Plädieren Sie für einen Boykott?

Wenn man nicht durchsetzen kann, dass der Beirat mehr Rechte bekommt als bisher bekannt, sollte man sich nicht dran beteiligen. Denn die große Gefahr ist, dass die Organisationen sich zu sehr einbinden lassen: Sie werden Teil eines Gremiums, dessen Arbeitsstab Teil der Behörde ist. Man könnte ausprobieren, welche Freiheitsgrade es gibt. Dazu müsste man auf Prüfsteine drängen - wie beispielsweise die Frage, ob Hamburg eine Härtefallkommission für Flüchtlinge gründet, wie es das neue Zuwanderungsgesetz ermöglicht.

Wie geht man persönlich damit um, die Arbeit von Jahrzehnten abgewickelt zu sehen?

Richtig unangenehm fand ich nur die Zeit, als sich die Abschaffung abzeichnete, aber noch nicht ausgesprochen war. Dieses sich nicht wehren können, dazu die Sorge um die Mitarbeiter. Geholfen hat sicherlich der Galgenhumor, den wir im Arbeitsstab entwickelt haben. Ich habe natürlich auch Übung im Umgang mit Ressentiments gegen Ausländer. Da muss man gelassen bleiben und es mit rationalen Argumenten versuchen. Auch bei Politikern. Bei Schill allerdings lohnt sich das nicht mehr.

Freuen Sie sich, dass Sie künftig wieder auf anderem Niveau diskutieren können?

Ich hätte gern noch politisch etwas bewirkt. Aber ich freue mich auf die Uni. Die Frage ist, wie ich die politischen Erfahrungen in die Forschung einbringe. Da habe ich noch keine Antwort. Ein Punkt ist, wie weit Wissenschaft und Politik noch auseinanderliegen. Da ist viel zu tun.

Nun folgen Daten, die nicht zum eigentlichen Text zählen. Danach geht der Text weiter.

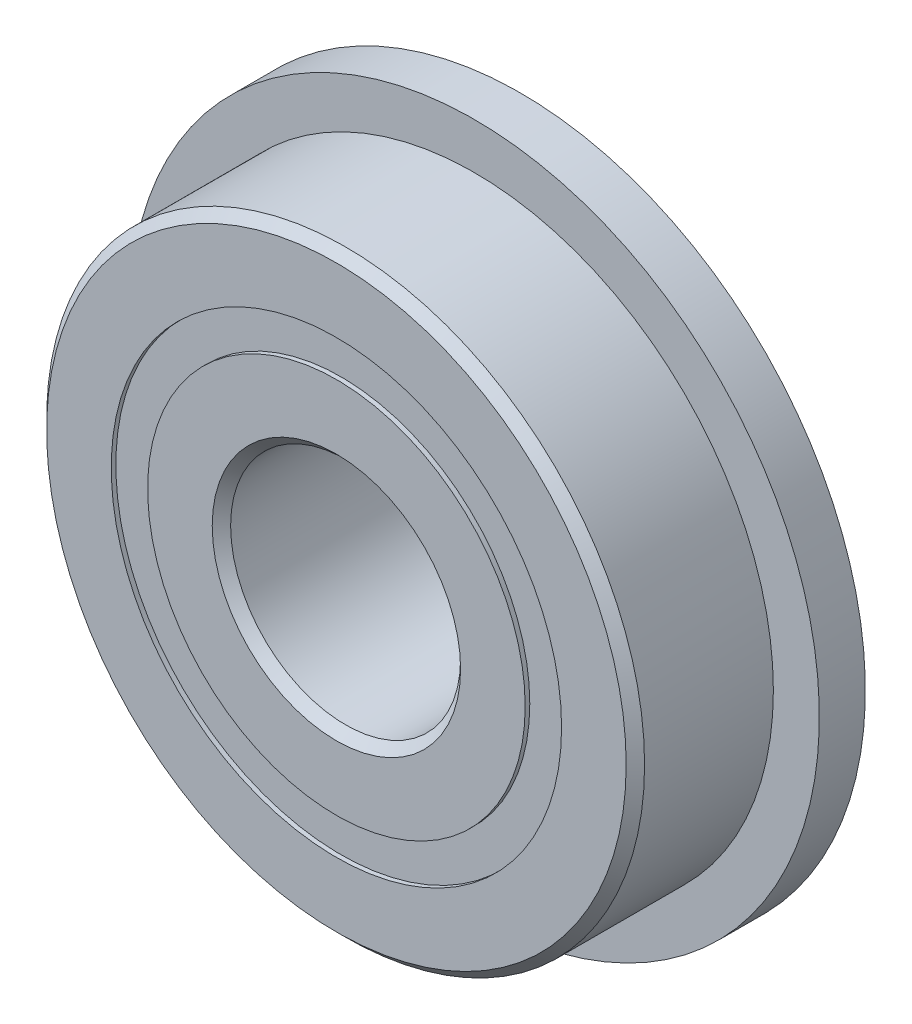
ISO-10303-21;
HEADER;
FILE_DESCRIPTION(('STEP AP214'),'2;1');
FILE_NAME('part.step','',(''),(''),'','','');
FILE_SCHEMA(('AUTOMOTIVE_DESIGN { 1 0 10303 214 1 1 1 1 }'));
ENDSEC;
DATA;
#1=APPLICATION_CONTEXT('core data for automotive mechanical design processes');
#2=APPLICATION_PROTOCOL_DEFINITION('international standard','automotive_design',2000,#1);
#3=PRODUCT_CONTEXT('',#1,'mechanical');
#4=PRODUCT('Part','Part','',(#3));
#5=PRODUCT_RELATED_PRODUCT_CATEGORY('part','',(#4));
#6=PRODUCT_DEFINITION_FORMATION('','',#4);
#7=PRODUCT_DEFINITION_CONTEXT('part definition',#1,'design');
#8=PRODUCT_DEFINITION('design','',#6,#7);
#9=PRODUCT_DEFINITION_SHAPE('','',#8);
#10=(LENGTH_UNIT() NAMED_UNIT(*) SI_UNIT(.MILLI.,.METRE.));
#11=(NAMED_UNIT(*) PLANE_ANGLE_UNIT() SI_UNIT($,.RADIAN.));
#12=(NAMED_UNIT(*) SI_UNIT($,.STERADIAN.) SOLID_ANGLE_UNIT());
#13=UNCERTAINTY_MEASURE_WITH_UNIT(LENGTH_MEASURE(1.E-05),#10,'distance_accuracy_value','');
#14=(GEOMETRIC_REPRESENTATION_CONTEXT(3) GLOBAL_UNCERTAINTY_ASSIGNED_CONTEXT((#13)) GLOBAL_UNIT_ASSIGNED_CONTEXT((#10,
#11,#12)) REPRESENTATION_CONTEXT('',''));
#15=CARTESIAN_POINT('',(0.,0.,0.));
#16=DIRECTION('',(0.,0.,1.));
#17=DIRECTION('',(1.,0.,0.));
#18=AXIS2_PLACEMENT_3D('',#15,#16,#17);
#19=CARTESIAN_POINT('',(0.,4.8956043956044,-1.9));
#20=DIRECTION('',(0.,0.,1.));
#21=DIRECTION('',(1.,0.,0.));
#22=AXIS2_PLACEMENT_3D('',#19,#20,#21);
#23=PLANE('',#22);
#24=CARTESIAN_POINT('',(0.,0.,-1.9));
#25=DIRECTION('',(0.,0.,1.));
#26=DIRECTION('',(1.,0.,0.));
#27=AXIS2_PLACEMENT_3D('',#24,#25,#26);
#28=CIRCLE('',#27,4.8956043956044);
#29=CARTESIAN_POINT('',(4.8956043956044,0.,-1.9));
#30=VERTEX_POINT('',#29);
#31=EDGE_CURVE('E57',#30,#30,#28,.T.);
#32=ORIENTED_EDGE('',*,*,#31,.F.);
#33=EDGE_LOOP('',(#32));
#34=FACE_BOUND('',#33,.T.);
#35=CARTESIAN_POINT('',(0.,0.,-1.9));
#36=DIRECTION('',(0.,0.,1.));
#37=DIRECTION('',(1.,0.,0.));
#38=AXIS2_PLACEMENT_3D('',#35,#36,#37);
#39=CIRCLE('',#38,4.1043956043956);
#40=CARTESIAN_POINT('',(4.1043956043956,0.,-1.9));
#41=VERTEX_POINT('',#40);
#42=EDGE_CURVE('E11',#41,#41,#39,.T.);
#43=ORIENTED_EDGE('',*,*,#42,.T.);
#44=EDGE_LOOP('',(#43));
#45=FACE_BOUND('',#44,.T.);
#46=ADVANCED_FACE('F43',(#34,#45),#23,.F.);
#47=CARTESIAN_POINT('',(0.,0.,2.));
#48=DIRECTION('',(0.,0.,1.));
#49=DIRECTION('',(1.,0.,0.));
#50=AXIS2_PLACEMENT_3D('',#47,#48,#49);
#51=CYLINDRICAL_SURFACE('',#50,4.1043956043956);
#52=ORIENTED_EDGE('',*,*,#42,.F.);
#53=EDGE_LOOP('',(#52));
#54=FACE_BOUND('',#53,.T.);
#55=CARTESIAN_POINT('',(0.,0.,-0.972947220876673));
#56=DIRECTION('',(0.,0.,1.));
#57=DIRECTION('',(1.,0.,0.));
#58=AXIS2_PLACEMENT_3D('',#55,#56,#57);
#59=CIRCLE('',#58,4.1043956043956);
#60=CARTESIAN_POINT('',(4.1043956043956,0.,-0.972947220876673));
#61=VERTEX_POINT('',#60);
#62=EDGE_CURVE('E49',#61,#61,#59,.T.);
#63=ORIENTED_EDGE('',*,*,#62,.T.);
#64=EDGE_LOOP('',(#63));
#65=FACE_BOUND('',#64,.T.);
#66=ADVANCED_FACE('F66',(#54,#65),#51,.F.);
#67=CARTESIAN_POINT('',(0.,4.8956043956044,-0.972947220876673));
#68=DIRECTION('',(0.,0.,-1.));
#69=DIRECTION('',(-1.,0.,0.));
#70=AXIS2_PLACEMENT_3D('',#67,#68,#69);
#71=PLANE('',#70);
#72=ORIENTED_EDGE('',*,*,#62,.F.);
#73=EDGE_LOOP('',(#72));
#74=FACE_BOUND('',#73,.T.);
#75=CARTESIAN_POINT('',(0.,0.,-0.972947220876673));
#76=DIRECTION('',(0.,0.,1.));
#77=DIRECTION('',(1.,0.,0.));
#78=AXIS2_PLACEMENT_3D('',#75,#76,#77);
#79=CIRCLE('',#78,4.8956043956044);
#80=CARTESIAN_POINT('',(4.8956043956044,0.,-0.972947220876673));
#81=VERTEX_POINT('',#80);
#82=EDGE_CURVE('E53',#81,#81,#79,.T.);
#83=ORIENTED_EDGE('',*,*,#82,.T.);
#84=EDGE_LOOP('',(#83));
#85=FACE_BOUND('',#84,.T.);
#86=ADVANCED_FACE('F70',(#74,#85),#71,.F.);
#87=CARTESIAN_POINT('',(0.,0.,2.));
#88=DIRECTION('',(0.,0.,1.));
#89=DIRECTION('',(1.,0.,0.));
#90=AXIS2_PLACEMENT_3D('',#87,#88,#89);
#91=CYLINDRICAL_SURFACE('',#90,4.8956043956044);
#92=ORIENTED_EDGE('',*,*,#82,.F.);
#93=EDGE_LOOP('',(#92));
#94=FACE_BOUND('',#93,.T.);
#95=ORIENTED_EDGE('',*,*,#31,.T.);
#96=EDGE_LOOP('',(#95));
#97=FACE_BOUND('',#96,.T.);
#98=ADVANCED_FACE('F63',(#94,#97),#91,.T.);
#99=CLOSED_SHELL('',(#46,#66,#86,#98));
#100=MANIFOLD_SOLID_BREP('B2',#99);
#101=CARTESIAN_POINT('',(0.,4.89560439560439,1.9));
#102=DIRECTION('',(0.,0.,-1.));
#103=DIRECTION('',(-1.,0.,0.));
#104=AXIS2_PLACEMENT_3D('',#101,#102,#103);
#105=PLANE('',#104);
#106=CARTESIAN_POINT('',(0.,0.,1.9));
#107=DIRECTION('',(0.,0.,1.));
#108=DIRECTION('',(1.,0.,0.));
#109=AXIS2_PLACEMENT_3D('',#106,#107,#108);
#110=CIRCLE('',#109,4.1043956043956);
#111=CARTESIAN_POINT('',(4.1043956043956,0.,1.9));
#112=VERTEX_POINT('',#111);
#113=EDGE_CURVE('E42',#112,#112,#110,.T.);
#114=ORIENTED_EDGE('',*,*,#113,.F.);
#115=EDGE_LOOP('',(#114));
#116=FACE_BOUND('',#115,.T.);
#117=CARTESIAN_POINT('',(0.,0.,1.9));
#118=DIRECTION('',(0.,0.,1.));
#119=DIRECTION('',(1.,0.,0.));
#120=AXIS2_PLACEMENT_3D('',#117,#118,#119);
#121=CIRCLE('',#120,4.89560439560439);
#122=CARTESIAN_POINT('',(4.89560439560439,0.,1.9));
#123=VERTEX_POINT('',#122);
#124=EDGE_CURVE('E124',#123,#123,#121,.T.);
#125=ORIENTED_EDGE('',*,*,#124,.T.);
#126=EDGE_LOOP('',(#125));
#127=FACE_BOUND('',#126,.T.);
#128=ADVANCED_FACE('F110',(#116,#127),#105,.F.);
#129=CARTESIAN_POINT('',(0.,0.,2.));
#130=DIRECTION('',(0.,0.,1.));
#131=DIRECTION('',(1.,0.,0.));
#132=AXIS2_PLACEMENT_3D('',#129,#130,#131);
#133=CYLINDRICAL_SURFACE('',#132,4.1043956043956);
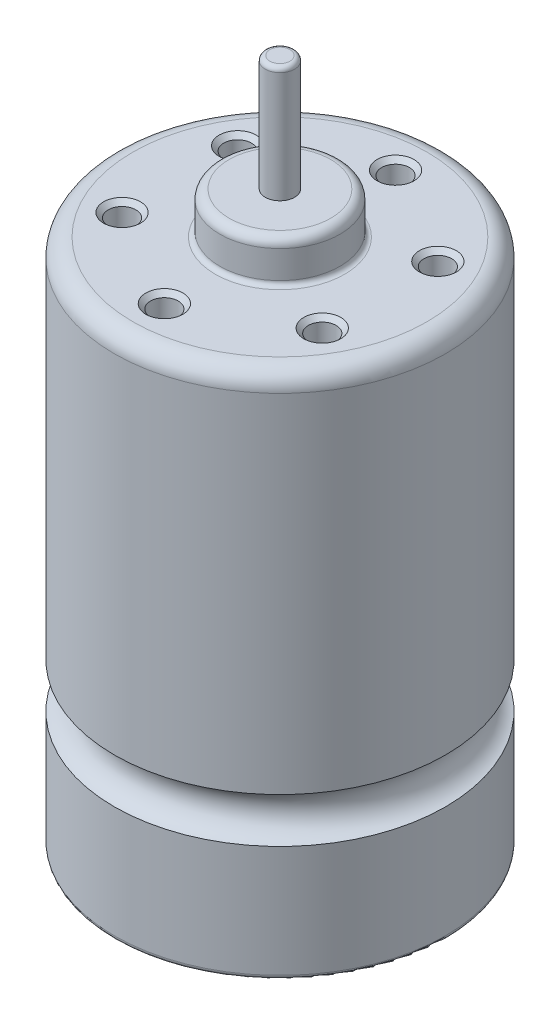
ISO-10303-21;
HEADER;
FILE_DESCRIPTION(('STEP AP214'),'2;1');
FILE_NAME('part.step','',(''),(''),'','','');
FILE_SCHEMA(('AUTOMOTIVE_DESIGN { 1 0 10303 214 1 1 1 1 }'));
ENDSEC;
DATA;
#1=APPLICATION_CONTEXT('core data for automotive mechanical design processes');
#2=APPLICATION_PROTOCOL_DEFINITION('international standard','automotive_design',2000,#1);
#3=PRODUCT_CONTEXT('',#1,'mechanical');
#4=PRODUCT('Part','Part','',(#3));
#5=PRODUCT_RELATED_PRODUCT_CATEGORY('part','',(#4));
#6=PRODUCT_DEFINITION_FORMATION('','',#4);
#7=PRODUCT_DEFINITION_CONTEXT('part definition',#1,'design');
#8=PRODUCT_DEFINITION('design','',#6,#7);
#9=PRODUCT_DEFINITION_SHAPE('','',#8);
#10=(LENGTH_UNIT() NAMED_UNIT(*) SI_UNIT(.MILLI.,.METRE.));
#11=(NAMED_UNIT(*) PLANE_ANGLE_UNIT() SI_UNIT($,.RADIAN.));
#12=(NAMED_UNIT(*) SI_UNIT($,.STERADIAN.) SOLID_ANGLE_UNIT());
#13=UNCERTAINTY_MEASURE_WITH_UNIT(LENGTH_MEASURE(1.E-05),#10,'distance_accuracy_value','');
#14=(GEOMETRIC_REPRESENTATION_CONTEXT(3) GLOBAL_UNCERTAINTY_ASSIGNED_CONTEXT((#13)) GLOBAL_UNIT_ASSIGNED_CONTEXT((#10,
#11,#12)) REPRESENTATION_CONTEXT('',''));
#15=CARTESIAN_POINT('',(0.,0.,0.));
#16=DIRECTION('',(0.,0.,1.));
#17=DIRECTION('',(1.,0.,0.));
#18=AXIS2_PLACEMENT_3D('',#15,#16,#17);
#19=CARTESIAN_POINT('',(0.,57.,0.));
#20=DIRECTION('',(0.,-1.,0.));
#21=DIRECTION('',(0.,0.,-1.));
#22=AXIS2_PLACEMENT_3D('',#19,#20,#21);
#23=CYLINDRICAL_SURFACE('',#22,17.9);
#24=CARTESIAN_POINT('',(0.,55.,0.));
#25=DIRECTION('',(0.,1.,0.));
#26=DIRECTION('',(0.,0.,1.));
#27=AXIS2_PLACEMENT_3D('',#24,#25,#26);
#28=CIRCLE('',#27,17.9);
#29=CARTESIAN_POINT('',(0.,55.,17.9));
#30=VERTEX_POINT('',#29);
#31=EDGE_CURVE('E67',#30,#30,#28,.F.);
#32=ORIENTED_EDGE('',*,*,#31,.T.);
#33=EDGE_LOOP('',(#32));
#34=FACE_BOUND('',#33,.T.);
#35=CARTESIAN_POINT('',(0.,17.4269322199023,0.));
#36=DIRECTION('',(0.,-1.,0.));
#37=DIRECTION('',(0.,0.,-1.));
#38=AXIS2_PLACEMENT_3D('',#35,#36,#37);
#39=CIRCLE('',#38,17.9);
#40=CARTESIAN_POINT('',(0.,17.4269322199023,-17.9));
#41=VERTEX_POINT('',#40);
#42=EDGE_CURVE('E122',#41,#41,#39,.F.);
#43=ORIENTED_EDGE('',*,*,#42,.T.);
#44=EDGE_LOOP('',(#43));
#45=FACE_BOUND('',#44,.T.);
#46=ADVANCED_FACE('F35',(#34,#45),#23,.T.);
#47=CARTESIAN_POINT('',(0.,57.,0.));
#48=DIRECTION('',(0.,1.,0.));
#49=DIRECTION('',(0.,0.,1.));
#50=AXIS2_PLACEMENT_3D('',#47,#48,#49);
#51=PLANE('',#50);
#52=CARTESIAN_POINT('',(0.,57.,0.));
#53=DIRECTION('',(0.,1.,0.));
#54=DIRECTION('',(0.,0.,1.));
#55=AXIS2_PLACEMENT_3D('',#52,#53,#54);
#56=CIRCLE('',#55,7.);
#57=CARTESIAN_POINT('',(0.,57.,7.));
#58=VERTEX_POINT('',#57);
#59=EDGE_CURVE('E42',#58,#58,#56,.F.);
#60=ORIENTED_EDGE('',*,*,#59,.T.);
#61=EDGE_LOOP('',(#60));
#62=FACE_BOUND('',#61,.T.);
#63=CARTESIAN_POINT('',(0.,57.,0.));
#64=DIRECTION('',(0.,1.,0.));
#65=DIRECTION('',(0.,0.,1.));
#66=AXIS2_PLACEMENT_3D('',#63,#64,#65);
#67=CIRCLE('',#66,15.9);
#68=CARTESIAN_POINT('',(0.,57.,15.9));
#69=VERTEX_POINT('',#68);
#70=EDGE_CURVE('E70',#69,#69,#67,.T.);
#71=ORIENTED_EDGE('',*,*,#70,.T.);
#72=EDGE_LOOP('',(#71));
#73=FACE_BOUND('',#72,.T.);
#74=CARTESIAN_POINT('',(10.8253175473055,57.,-6.25000000000001));
#75=DIRECTION('',(0.,1.,0.));
#76=DIRECTION('',(0.,0.,1.));
#77=AXIS2_PLACEMENT_3D('',#74,#75,#76);
#78=CIRCLE('',#77,1.99999999999999);
#79=CARTESIAN_POINT('',(10.8253175473055,57.,-4.25000000000002));
#80=VERTEX_POINT('',#79);
#81=EDGE_CURVE('E100',#80,#80,#78,.F.);
#82=ORIENTED_EDGE('',*,*,#81,.T.);
#83=EDGE_LOOP('',(#82));
#84=FACE_BOUND('',#83,.T.);
#85=CARTESIAN_POINT('',(10.8253175473055,57.,6.24999999999999));
#86=DIRECTION('',(0.,1.,0.));
#87=DIRECTION('',(0.,0.,1.));
#88=AXIS2_PLACEMENT_3D('',#85,#86,#87);
#89=CIRCLE('',#88,1.99999999999999);
#90=CARTESIAN_POINT('',(10.8253175473055,57.,8.24999999999998));
#91=VERTEX_POINT('',#90);
#92=EDGE_CURVE('E103',#91,#91,#89,.F.);
#93=ORIENTED_EDGE('',*,*,#92,.T.);
#94=EDGE_LOOP('',(#93));
#95=FACE_BOUND('',#94,.T.);
#96=CARTESIAN_POINT('',(0.,57.,12.5));
#97=DIRECTION('',(0.,1.,0.));
#98=DIRECTION('',(0.,0.,1.));
#99=AXIS2_PLACEMENT_3D('',#96,#97,#98);
#100=CIRCLE('',#99,1.99999999999999);
#101=CARTESIAN_POINT('',(0.,57.,14.5));
#102=VERTEX_POINT('',#101);
#103=EDGE_CURVE('E106',#102,#102,#100,.F.);
#104=ORIENTED_EDGE('',*,*,#103,.T.);
#105=EDGE_LOOP('',(#104));
#106=FACE_BOUND('',#105,.T.);
#107=CARTESIAN_POINT('',(-10.8253175473055,57.,6.25000000000001));
#108=DIRECTION('',(0.,1.,0.));
#109=DIRECTION('',(0.,0.,1.));
#110=AXIS2_PLACEMENT_3D('',#107,#108,#109);
#111=CIRCLE('',#110,1.99999999999997);
#112=CARTESIAN_POINT('',(-10.8253175473055,57.,8.24999999999998));
#113=VERTEX_POINT('',#112);
#114=EDGE_CURVE('E109',#113,#113,#111,.F.);
#115=ORIENTED_EDGE('',*,*,#114,.T.);
#116=EDGE_LOOP('',(#115));
#117=FACE_BOUND('',#116,.T.);
#118=CARTESIAN_POINT('',(-10.8253175473055,57.,-6.25));
#119=DIRECTION('',(0.,1.,0.));
#120=DIRECTION('',(0.,0.,1.));
#121=AXIS2_PLACEMENT_3D('',#118,#119,#120);
#122=CIRCLE('',#121,1.99999999999999);
#123=CARTESIAN_POINT('',(-10.8253175473055,57.,-4.25000000000001));
#124=VERTEX_POINT('',#123);
#125=EDGE_CURVE('E112',#124,#124,#122,.F.);
#126=ORIENTED_EDGE('',*,*,#125,.T.);
#127=EDGE_LOOP('',(#126));
#128=FACE_BOUND('',#127,.T.);
#129=CARTESIAN_POINT('',(0.,57.,-12.5));
#130=DIRECTION('',(0.,1.,0.));
#131=DIRECTION('',(0.,0.,1.));
#132=AXIS2_PLACEMENT_3D('',#129,#130,#131);
#133=CIRCLE('',#132,1.99999999999999);
#134=CARTESIAN_POINT('',(0.,57.,-10.5));
#135=VERTEX_POINT('',#134);
#136=EDGE_CURVE('E115',#135,#135,#133,.F.);
#137=ORIENTED_EDGE('',*,*,#136,.T.);
#138=EDGE_LOOP('',(#137));
#139=FACE_BOUND('',#138,.T.);
#140=ADVANCED_FACE('F172',(#62,#73,#84,#95,#106,#117,#128,#139),#51,.T.);
#141=CARTESIAN_POINT('',(0.,61.5,0.));
#142=DIRECTION('',(0.,-1.,0.));
#143=DIRECTION('',(0.,0.,-1.));
#144=AXIS2_PLACEMENT_3D('',#141,#142,#143);
#145=CYLINDRICAL_SURFACE('',#144,6.5);
#146=CARTESIAN_POINT('',(0.,57.5,0.));
#147=DIRECTION('',(0.,1.,0.));
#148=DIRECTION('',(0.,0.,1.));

Angenommen, Schwarz-Schill stürzt und die nächste Regierung führt das Amt der Ausländerbeauftragten wieder ein - stünden Sie zur Verfügung?

Für ein identisches Amt nicht. Das Thema müsste mehr Gewicht bekommen. Es muss einen eigenen Ausschuss und mindestens eine Staatsrätin geben. Besser noch Senatorin.